== Data for this task ==
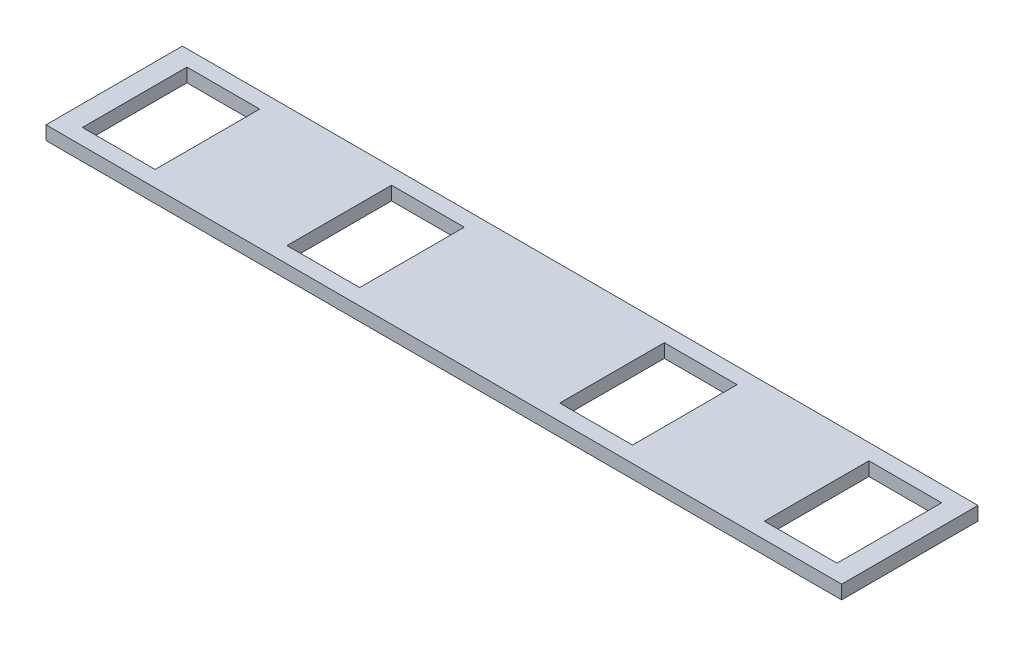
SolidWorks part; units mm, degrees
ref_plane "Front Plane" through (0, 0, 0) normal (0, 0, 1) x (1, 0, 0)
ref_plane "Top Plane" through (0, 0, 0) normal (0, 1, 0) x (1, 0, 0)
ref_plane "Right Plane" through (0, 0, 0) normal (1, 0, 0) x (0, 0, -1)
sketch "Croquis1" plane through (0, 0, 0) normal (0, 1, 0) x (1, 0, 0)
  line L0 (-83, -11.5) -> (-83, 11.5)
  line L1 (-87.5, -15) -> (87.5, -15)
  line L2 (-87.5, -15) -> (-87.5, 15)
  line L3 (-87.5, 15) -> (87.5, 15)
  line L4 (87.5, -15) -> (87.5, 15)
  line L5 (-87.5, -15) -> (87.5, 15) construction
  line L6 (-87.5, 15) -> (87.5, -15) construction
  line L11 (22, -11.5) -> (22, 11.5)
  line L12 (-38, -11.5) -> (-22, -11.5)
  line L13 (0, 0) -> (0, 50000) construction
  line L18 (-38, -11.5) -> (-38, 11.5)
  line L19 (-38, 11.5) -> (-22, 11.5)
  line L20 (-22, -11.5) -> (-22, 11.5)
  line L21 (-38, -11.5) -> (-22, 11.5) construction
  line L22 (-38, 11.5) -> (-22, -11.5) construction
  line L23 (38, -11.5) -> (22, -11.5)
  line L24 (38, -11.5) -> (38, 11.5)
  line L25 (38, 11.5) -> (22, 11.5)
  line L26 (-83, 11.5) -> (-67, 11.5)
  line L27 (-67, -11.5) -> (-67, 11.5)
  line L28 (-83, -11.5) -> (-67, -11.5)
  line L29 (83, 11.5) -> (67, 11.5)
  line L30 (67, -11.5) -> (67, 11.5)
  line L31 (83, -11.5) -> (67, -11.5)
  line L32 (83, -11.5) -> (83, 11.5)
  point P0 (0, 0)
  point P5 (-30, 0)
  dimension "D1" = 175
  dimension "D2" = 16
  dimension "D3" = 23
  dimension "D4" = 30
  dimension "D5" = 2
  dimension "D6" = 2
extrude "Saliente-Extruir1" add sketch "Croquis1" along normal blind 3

== Activity ==
Please reproduce every entry above exactly, but leave out the pictures.

== Response to the exercise ==
SolidWorks part; units mm, degrees
ref_plane "Front Plane" through (0, 0, 0) normal (0, 0, 1) x (1, 0, 0)
ref_plane "Top Plane" through (0, 0, 0) normal (0, 1, 0) x (1, 0, 0)
ref_plane "Right Plane" through (0, 0, 0) normal (1, 0, 0) x (0, 0, -1)
sketch "Croquis1" plane through (0, 0, 0) normal (0, 1, 0) x (1, 0, 0)
  line L0 (-83, -11.5) -> (-83, 11.5)
  line L1 (-87.5, -15) -> (87.5, -15)
  line L2 (-87.5, -15) -> (-87.5, 15)
  line L3 (-87.5, 15) -> (87.5, 15)
  line L4 (87.5, -15) -> (87.5, 15)
  line L5 (-87.5, -15) -> (87.5, 15) construction
  line L6 (-87.5, 15) -> (87.5, -15) construction
  line L11 (22, -11.5) -> (22, 11.5)
  line L12 (-38, -11.5) -> (-22, -11.5)
  line L13 (0, 0) -> (0, 50000) construction
  line L18 (-38, -11.5) -> (-38, 11.5)
  line L19 (-38, 11.5) -> (-22, 11.5)
  line L20 (-22, -11.5) -> (-22, 11.5)
  line L21 (-38, -11.5) -> (-22, 11.5) construction
  line L22 (-38, 11.5) -> (-22, -11.5) construction
  line L23 (38, -11.5) -> (22, -11.5)
  line L24 (38, -11.5) -> (38, 11.5)
  line L25 (38, 11.5) -> (22, 11.5)
  line L26 (-83, 11.5) -> (-67, 11.5)
  line L27 (-67, -11.5) -> (-67, 11.5)
  line L28 (-83, -11.5) -> (-67, -11.5)
  line L29 (83, 11.5) -> (67, 11.5)
  line L30 (67, -11.5) -> (67, 11.5)
  line L31 (83, -11.5) -> (67, -11.5)
  line L32 (83, -11.5) -> (83, 11.5)
  point P0 (0, 0)
  point P5 (-30, 0)
  dimension "D1" = 175
  dimension "D2" = 16
  dimension "D3" = 23
  dimension "D4" = 30
  dimension "D5" = 2
  dimension "D6" = 2
extrude "Saliente-Extruir1" add sketch "Croquis1" along normal blind 3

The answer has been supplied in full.